The Unyvero P50 Pneumonia assay simultaneously analyzes 39 DNA targets. The cartridge-based test runs on the Unyvero Analyzer, an inexpensive, automated, benchtop, nucleic acid molecular testing platform that combines a proprietary universal sample prep method with endpoint PCR and array-based detection.
Last year the company conducted a clinical trial for Unyvero P50 in support of CE marking, which the company achieved in May 2012 (PCR Insider, 5/17/2013). That evaluation demonstrated 81 percent sensitivity and 99 percent specificity for detecting pneumonia-causing pathogens. Also, at April's European Conference of Clinical Microbiology and Infectious Diseases in Berlin, Curetis presented data from more than 1,000 patient samples demonstrating overall sensitivity of 80.6 percent and specificity of 96 percent.

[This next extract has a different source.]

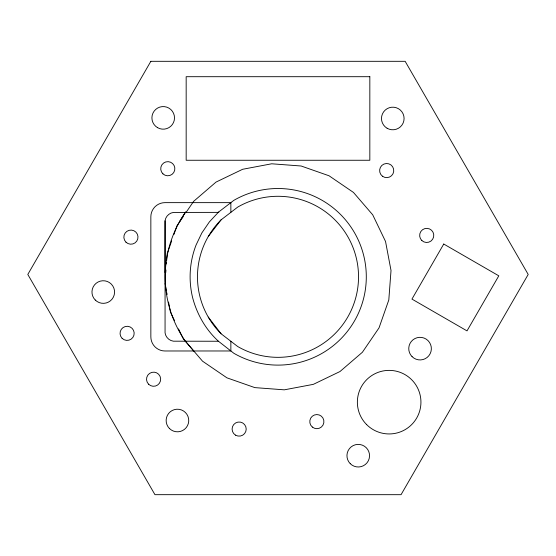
<?xml version="1.0" encoding="UTF-8"?>
<svg xmlns="http://www.w3.org/2000/svg" width="556" height="556" viewBox="0 0 556 556"><rect width="100%" height="100%" fill="white"/><g stroke="black" fill="none" stroke-linecap="round" stroke-linejoin="round"><path stroke-width="0.83" d="M165.062 283.56L165.062 332.829C165.577 337.082 169.17 340.675 173.423 341.189L218.459 341.252L233.854 353.282A88.3 88.3 0 0 0 366.3 276.812A88.3 88.3 0 0 0 233.854 200.341L218.557 212.079L209.403 221.872L201.842 232.95L196.06 245.043A87.883 87.883 0 0 0 192.654 297.787C197.019 314.314 205.769 329.708 218.459 341.252M165.062 272.53L165.062 220.795C165.577 216.541 169.17 212.948 173.423 212.434L218.828 212.371L218.557 212.079M230.858 341.273L230.858 350.975L164.979 350.982A14.129 14.129 0 0 1 150.85 336.853L150.85 216.77A14.129 14.129 0 0 1 164.979 202.641L230.858 202.641L230.858 212.35M165.771 272.565L165.966 269.987M166.418 263.968L166.55 262.244M166.682 260.528L167.196 253.654L171.665 240.901M173.896 234.528L176.968 225.764L183.195 216.631M179.505 221.781L185.593 212.086L186.072 212.42L193.62 201.355L216.027 182.083L242.659 169.274L271.696 163.791L301.157 166.008L329.048 175.779L353.456 192.432L372.728 214.838L385.537 241.471L391.021 270.508L388.804 299.969L379.032 327.859L362.38 352.268L339.973 371.54L313.341 384.349L284.304 389.832L254.843 387.615L226.952 377.844L202.544 361.192L183.271 338.785L178.518 328.895M208.264 236.55L221.059 219.87L237.739 207.075A80.53 80.53 0 0 1 358.53 276.812A80.53 80.53 0 0 1 237.739 346.548L221.059 333.753L208.264 317.073M186.072 212.42L185.593 212.086A112.826 112.826 0 0 0 185.356 341.203L193.766 350.982M174.487 320.527L170.463 312.159L168.558 302.061M166.494 291.129L164.979 283.122L165.062 220.795M166.807 292.81L167.127 294.492M221.059 333.753A80.53 80.53 0 0 1 221.059 219.87M150.85 61.313L27.8 274.449L154.95 494.673L401.05 494.687L528.2 274.449L405.15 61.313L150.85 61.313M443.744 244.035L411.954 299.093L467.012 330.883L498.801 275.825L443.744 244.035M369.83 76.7L186.17 76.7L186.17 160.26L369.83 160.26L369.83 76.7M157.563 127.665A11.301 11.301 0 0 0 174.514 117.879A11.301 11.301 0 0 0 157.563 108.086A11.301 11.301 0 0 0 157.563 127.665M312.354 427.071A7.061 7.061 0 0 0 323.814 422.789A7.061 7.061 0 0 0 314.383 415.005A7.061 7.061 0 0 0 312.354 427.071M95.278 300.038A11.301 11.301 0 0 0 114.189 294.972A11.301 11.301 0 0 0 100.344 281.127A11.301 11.301 0 0 0 95.278 300.038M235.619 435.188A7.061 7.061 0 0 0 246.211 429.072A7.061 7.061 0 0 0 235.619 422.956A7.061 7.061 0 0 0 235.619 435.188M169.448 428.502A11.301 11.301 0 0 0 188.359 423.436A11.301 11.301 0 0 0 174.514 409.598A11.301 11.301 0 0 0 169.448 428.502M162.943 173.854A7.061 7.061 0 0 0 174.667 170.344A7.061 7.061 0 0 0 165.764 161.949A7.061 7.061 0 0 0 162.943 173.854M122.118 338.333A7.061 7.061 0 0 0 133.933 335.171A7.061 7.061 0 0 0 125.288 326.518A7.061 7.061 0 0 0 122.118 338.333M125.969 242.173A7.061 7.061 0 0 0 137.763 238.913A7.061 7.061 0 0 0 129.048 230.33A7.061 7.061 0 0 0 125.969 242.173M148.605 384.217A7.061 7.061 0 0 0 160.427 381.048A7.061 7.061 0 0 0 151.774 372.395A7.061 7.061 0 0 0 148.605 384.217M382.438 176.21A7.061 7.061 0 0 0 393.704 171.429A7.061 7.061 0 0 0 383.932 164.069A7.061 7.061 0 0 0 382.438 176.21M412.065 356.625A11.301 11.301 0 0 0 430.976 351.559A11.301 11.301 0 0 0 417.132 337.714A11.301 11.301 0 0 0 412.065 356.625M421.872 240.553A7.061 7.061 0 0 0 433.59 237.044A7.061 7.061 0 0 0 424.687 228.648A7.061 7.061 0 0 0 421.872 240.553M350.259 463.683A11.301 11.301 0 0 0 369.163 458.617A11.301 11.301 0 0 0 355.326 444.772A11.301 11.301 0 0 0 350.259 463.683M366.675 424.638A31.789 31.789 0 0 0 419.856 410.391A31.789 31.789 0 0 0 380.929 371.457A31.789 31.789 0 0 0 366.675 424.638M387.136 128.269A11.301 11.301 0 0 0 404.087 118.477A11.301 11.301 0 0 0 387.136 108.691A11.301 11.301 0 0 0 387.136 128.269"/></g></svg>

The new multicenter study aims to establish real-world data on the health economic impact of fast, near-patient molecular testing and subsequent therapy adjustments, Curetis said. It will be conducted in five European centers and will involve several hundred critically ill patients with pneumonia requiring mechanical ventilation.
Participating centers include the University of Göttingen, Hanover Medical School University Clinic, University Hospital of Lausanne, Jena University, and University Hospital Clinic Barcelona.
Curetis said that it expects to have preliminary results from the trial by the end of this year.
Unyvero P50 Pneumonia is Curetis' first CE-marked assay. The company is also developing Unyvero cartridges for additional indications such as bloodstream infections and tuberculosis.